The gang unite for one last Monday dinner before Mercedes and Britt are on their way, and Sam catches a glimpse of his half-naked body on the side of a bus out the window. He’s made all his New York dreams come true, and he too has decided to leave for back home, somewhere more quiet. For a few magic months New York brought them all together, but now less than half of them are tethered to it, as they embrace to celebrate their triumph over a difficult year, Kurt exclaims he’d give anything to break into song right now. Ask and ye shall receive, as they fantasy-dance down a New York street leaping on cars and singing Bastille’s “Pompeii,” cut with images of each of the gang having their New York moments — a goodbye, a hello or stasis. Mercedes and Britt hop a cab, Artie is in film school, Blaine moves back into the loft now complete with the office space he wanted, and Sam returns to the halls of McKinley to peer into the converted choir room and presumably to follow through on Finn’s legacy. The music fades as Rachel gets a call — the network wants her show. She’s going to New York to film a pilot. Kurt, Blaine and Rachel leap in the air and scream, and our final shot is Rachel, still singing “Pompeii” but this time all alone with a final look at the camera. She’s living her life as TV Rachel now, and that’s all we know until Fox finally returns “Glee” to us sometime in early 2015.

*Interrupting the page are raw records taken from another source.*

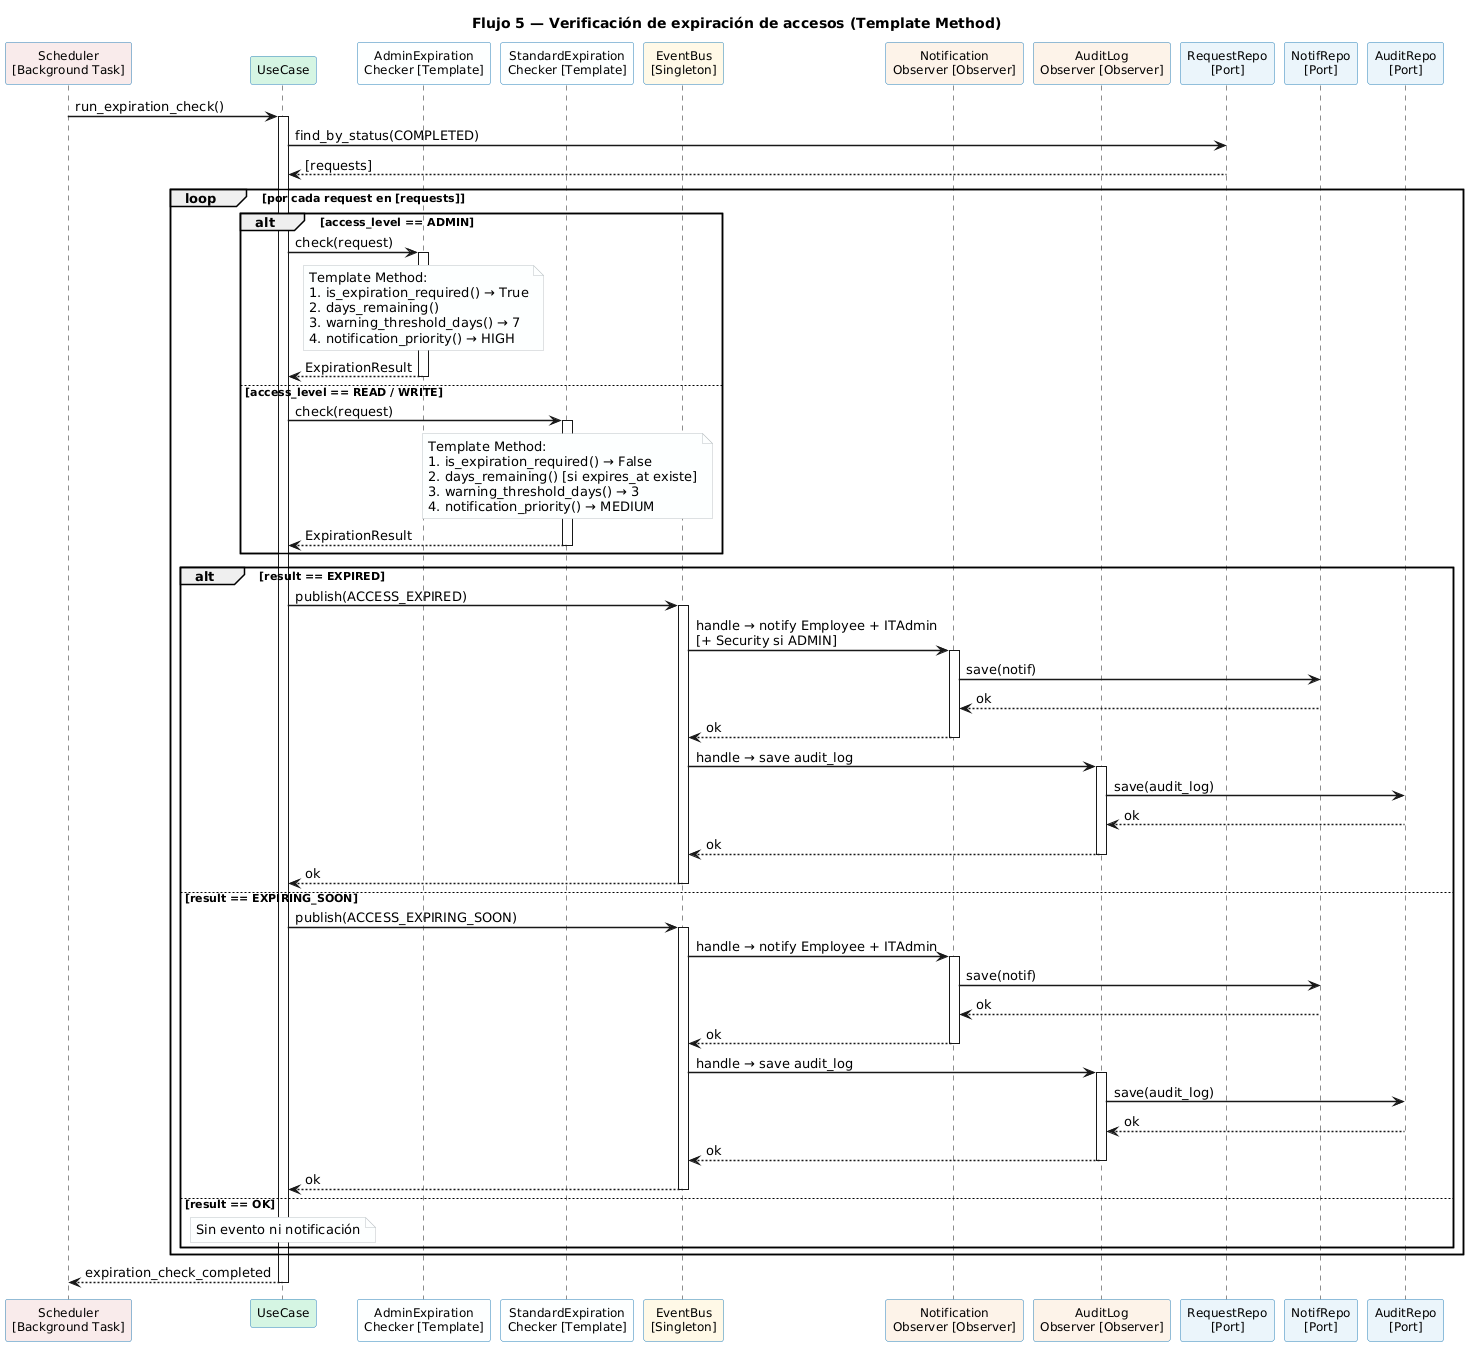

The diagram above was rendered by PlantUML. Its source (embedded in the PNG):
@startuml
title Flujo 5 — Verificación de expiración de accesos (Template Method)

skinparam sequenceArrowThickness 1.5
skinparam participantBorderColor #2980B9
skinparam participantBackgroundColor #D6EAF8
skinparam participantFontSize 12
skinparam NoteBackgroundColor #FDFEFE
skinparam NoteBorderColor #BDC3C7
skinparam ActorBorderColor #2C3E50
skinparam ActorBackgroundColor #D5F5E3

participant "Scheduler\n[Background Task]" as SCHED #F9EBEA
participant "UseCase"       as UC    #D5F5E3
participant "AdminExpiration\nChecker [Template]" as ADMC #FDFEFE
participant "StandardExpiration\nChecker [Template]" as STDC #FDFEFE
participant "EventBus\n[Singleton]" as BUS #FEF9E7
participant "Notification\nObserver [Observer]" as NOBS #FDF2E9
participant "AuditLog\nObserver [Observer]" as AOBS #FDF2E9
participant "RequestRepo\n[Port]" as REPO #EBF5FB
participant "NotifRepo\n[Port]" as NREPO #EBF5FB
participant "AuditRepo\n[Port]" as AREPO #EBF5FB

SCHED -> UC : run_expiration_check()
activate UC
  UC -> REPO : find_by_status(COMPLETED)
  REPO --> UC : [requests]

  loop por cada request en [requests]

    alt access_level == ADMIN
      UC -> ADMC : check(request)
      activate ADMC
        note over ADMC
          Template Method:
          1. is_expiration_required() → True
          2. days_remaining()
          3. warning_threshold_days() → 7
          4. notification_priority() → HIGH
        end note
        ADMC --> UC : ExpirationResult
      deactivate ADMC

    else access_level == READ / WRITE
      UC -> STDC : check(request)
      activate STDC
        note over STDC
          Template Method:
          1. is_expiration_required() → False
          2. days_remaining() [si expires_at existe]
          3. warning_threshold_days() → 3
          4. notification_priority() → MEDIUM
        end note
        STDC --> UC : ExpirationResult
      deactivate STDC
    end

    alt result == EXPIRED
      UC -> BUS : publish(ACCESS_EXPIRED)
      activate BUS
        BUS -> NOBS : handle → notify Employee + ITAdmin\n[+ Security si ADMIN]
        activate NOBS
          NOBS -> NREPO : save(notif)
          NREPO --> NOBS : ok
        NOBS --> BUS : ok
        deactivate NOBS
        BUS -> AOBS : handle → save audit_log
        activate AOBS
          AOBS -> AREPO : save(audit_log)
          AREPO --> AOBS : ok
        AOBS --> BUS : ok
        deactivate AOBS
      BUS --> UC : ok
      deactivate BUS

    else result == EXPIRING_SOON
      UC -> BUS : publish(ACCESS_EXPIRING_SOON)
      activate BUS
        BUS -> NOBS : handle → notify Employee + ITAdmin
        activate NOBS
          NOBS -> NREPO : save(notif)
          NREPO --> NOBS : ok
        NOBS --> BUS : ok
        deactivate NOBS
        BUS -> AOBS : handle → save audit_log
        activate AOBS
          AOBS -> AREPO : save(audit_log)
          AREPO --> AOBS : ok
        AOBS --> BUS : ok
        deactivate AOBS
      BUS --> UC : ok
      deactivate BUS

    else result == OK
      note over UC : Sin evento ni notificación
    end

  end

UC --> SCHED : expiration_check_completed
deactivate UC
@enduml

It was a rough year, there’s no denying that, and not at all the year “Glee” intended both from a meta sense, and in the world as well. Season 5 was never going to be easy, but it wasn’t suppose to be this hard. When we started the season New York was still a problem — it had come between Finn and Rachel, and it kept Kurt and Blaine apart. At the beginning, we hinged on fate. Rachel is destined to be a Broadway star, and New York gives that to her. Kurt and Blaine are destined to be together, and Blaine shows that by his marriage proposal. As we close out the New York chapter, it’s residents are relying on their own choices, not fate, to dictate their story. Kurt choose to trust Blaine, and Blaine chooses to trust his heart in including Kurt in the showcase. Rachel chooses television over Broadway. Mercedes chooses to separate from Sam. New York, it’s purpose served, is rubble, preserved in their moment of triumph and life. Rachel made the gang promise they’d be right back at the spot where they all left each other in 6 months, but reality makes us believe that it’s going to take them considerably longer to find each other again.